Le risque d'épidémie d'Ebola s'élève en Afrique, en particulier en République démocratique du Congo et en Ouganda. Heureusement, bien que le virus soit très dangereux avec le haut risque de mortalité, c'est plus facile à contrôler que les autres virus comme la COVID, parce qu'il a toujours besoin du contact direct avec les personnes symptomatiques. Cependant, le problème est plus complexe et contextuel; peut-être que la situation est plus urgente qu'on pense.
Premièrement, les gens dans la région touchent le corps mort pendant les funérailles à cause de la culture. Donc, si la personne est morte par l'Ebola, les autres personnes dans la communauté peuvent toucher son corps après cela. La culture permet de partager le virus entre les gens par le corps mort, et elle pose le grand risque de la même maladie pour eux. La culture, c'est très important d'obéir dans la communauté, et ce n'est pas simple à changer. C'est-à-dire que, même si l'OMS ou le médecin dit qu'il ne faut pas toucher le corps mort, la communauté a besoin de beaucoup de temps pour accepter le changement.

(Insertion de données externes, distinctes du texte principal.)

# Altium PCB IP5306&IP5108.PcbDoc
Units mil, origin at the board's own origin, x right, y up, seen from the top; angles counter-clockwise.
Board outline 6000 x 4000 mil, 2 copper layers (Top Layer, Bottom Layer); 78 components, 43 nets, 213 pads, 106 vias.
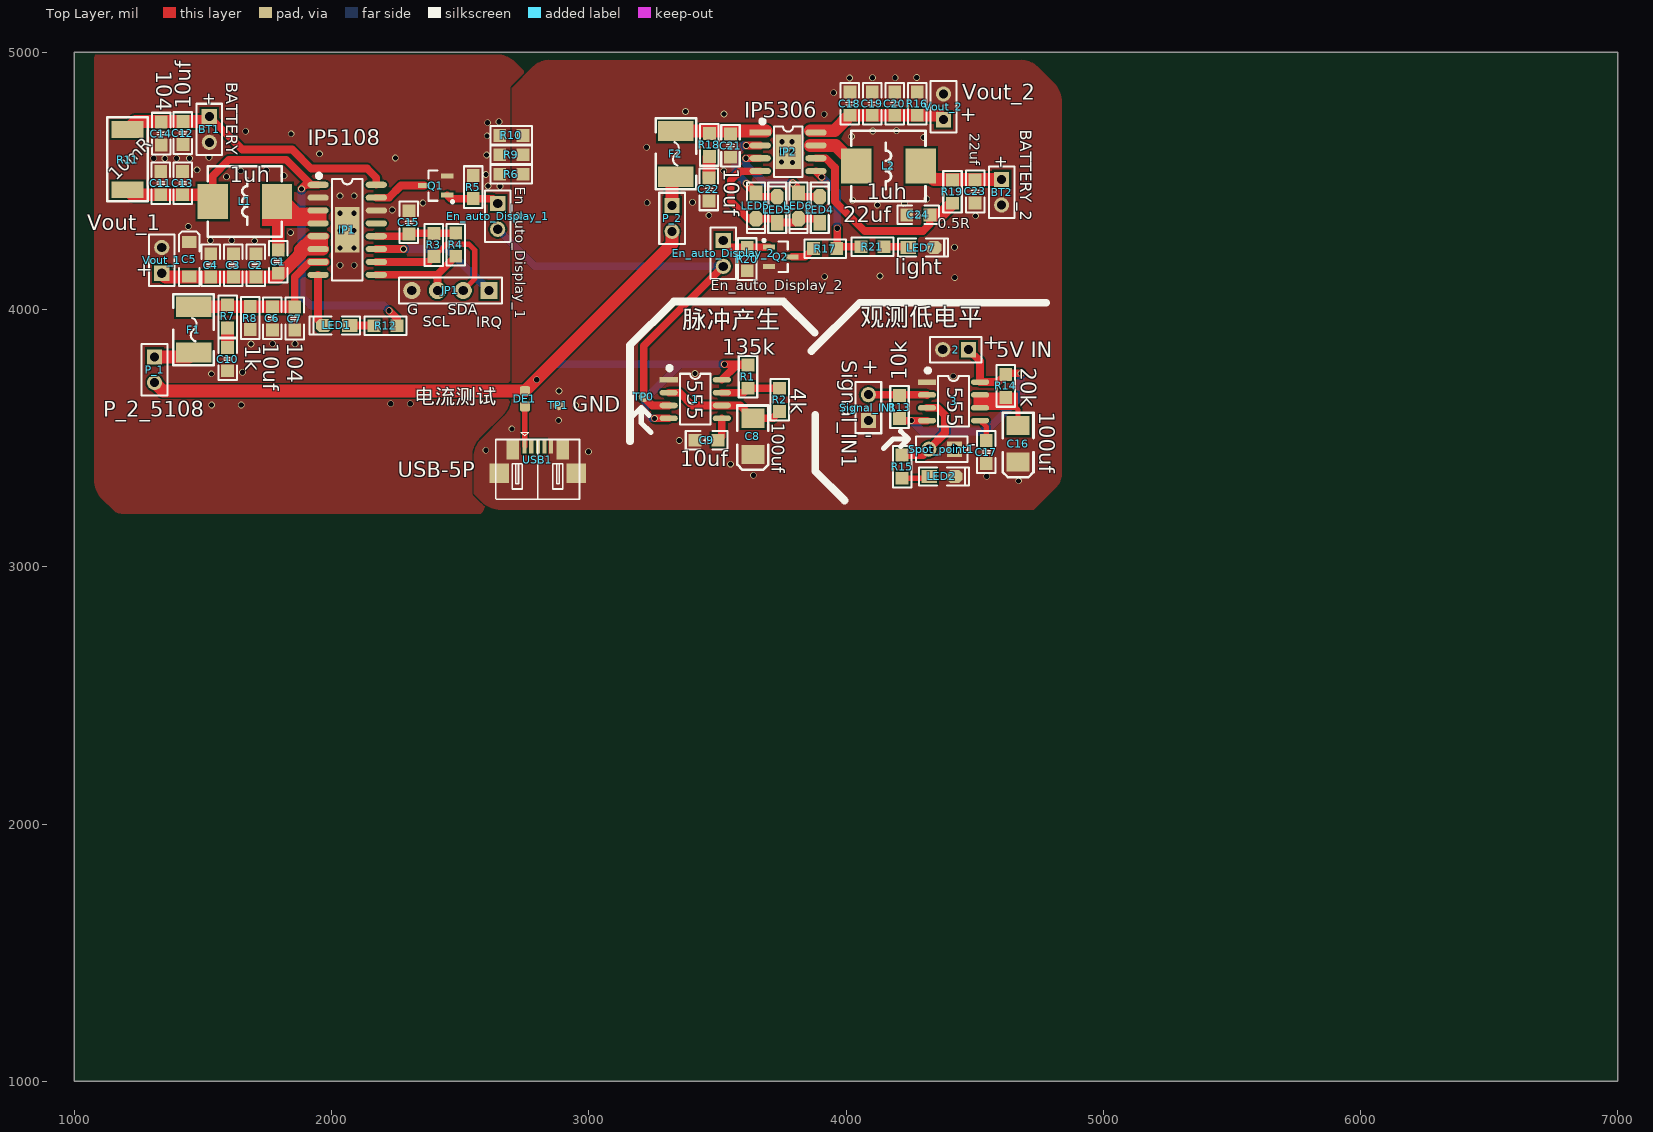
[diagram p0: Top Layer view]
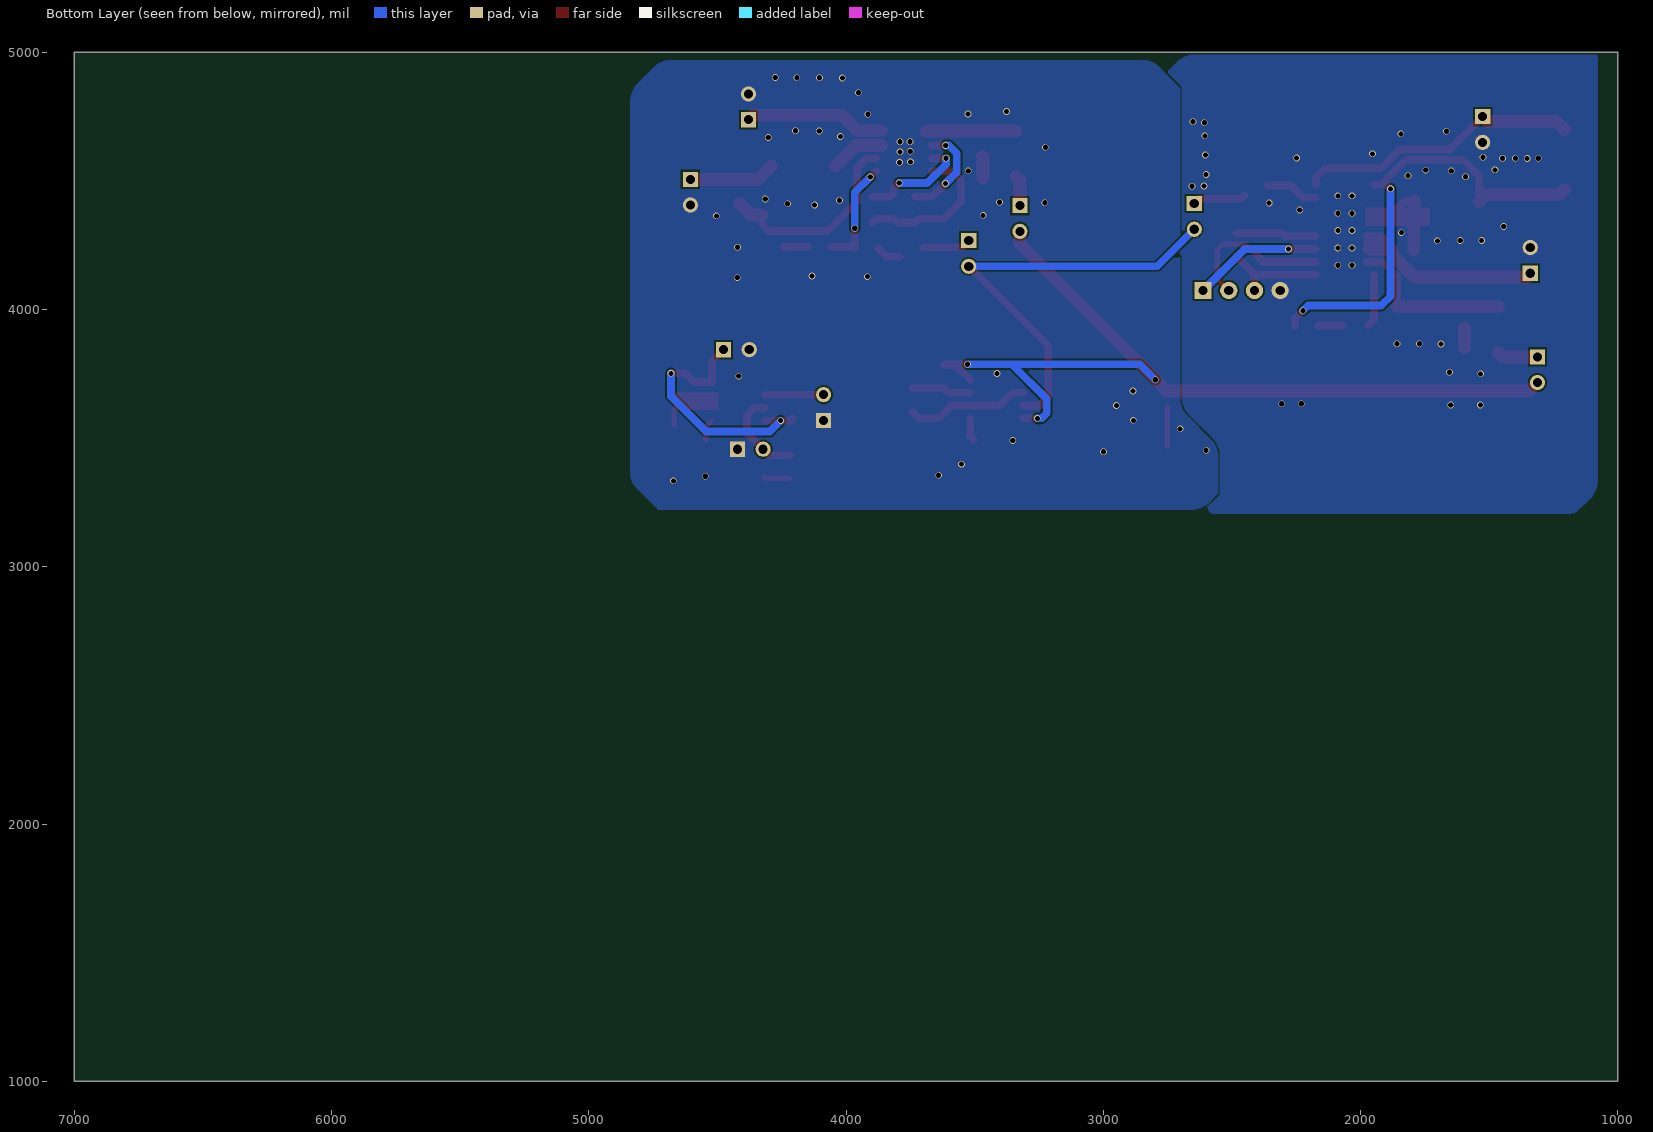
[diagram p1: Bottom Layer view, seen from below]

## Layer stack, top to bottom
Top Layer: signal copper 1.4
Dielectric: dielectric 12.6, FR-4, Dk 4.8
Bottom Layer: signal copper 1.4

## Board outline
1000,1000 7000,1000 7000,5000 1000,5000

## Design rules (kind name [scope] priority, off if disabled: settings)
Clearance [All] p1: gap=7
PlaneConnect [All] p1: planeconnectstyle=Direct reliefexpansion=20 reliefentries=4 reliefconductorwidth=10 reliefairgap=10
PolygonConnect [All] p1: connectstyle=Direct reliefconductorwidth=10 reliefentries=4 polygonreliefangle="90 Angle"
RoutingVias [All] p1: holewidth=28 width=26 viastyle="Through Hole" minholewidth=20 minwidth=26 maxholewidth=28 maxwidth=200
SilkscreenOverComponentPads [All] p1: minsilkscreentomaskgap=10
SolderMaskExpansion [All] p1: expansion=6
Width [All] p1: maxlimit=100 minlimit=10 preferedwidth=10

Deuxièmement, parfois les personnes dans un pays pauvre hésitent à obéir aux méthodes de pratique de santé comme le vaccin et l'hygiène, et elles peuvent refuser la recommandation du médecin ou certains médicaments. Quand j'étais au Malawi dans le sud d'Afrique, il y avait beaucoup de personnes locales qui n'ont pas confiance dans le système de santé dans le pays. Par exemple, une de mes amies m'a dit qu'elle ne veut jamais aller à la clinique parce que les docteurs et les installations médicales ne sont pas bien qualifiés. Elle aussi sait beaucoup d'histoires d'erreurs médicales selon sa famille et ses amis.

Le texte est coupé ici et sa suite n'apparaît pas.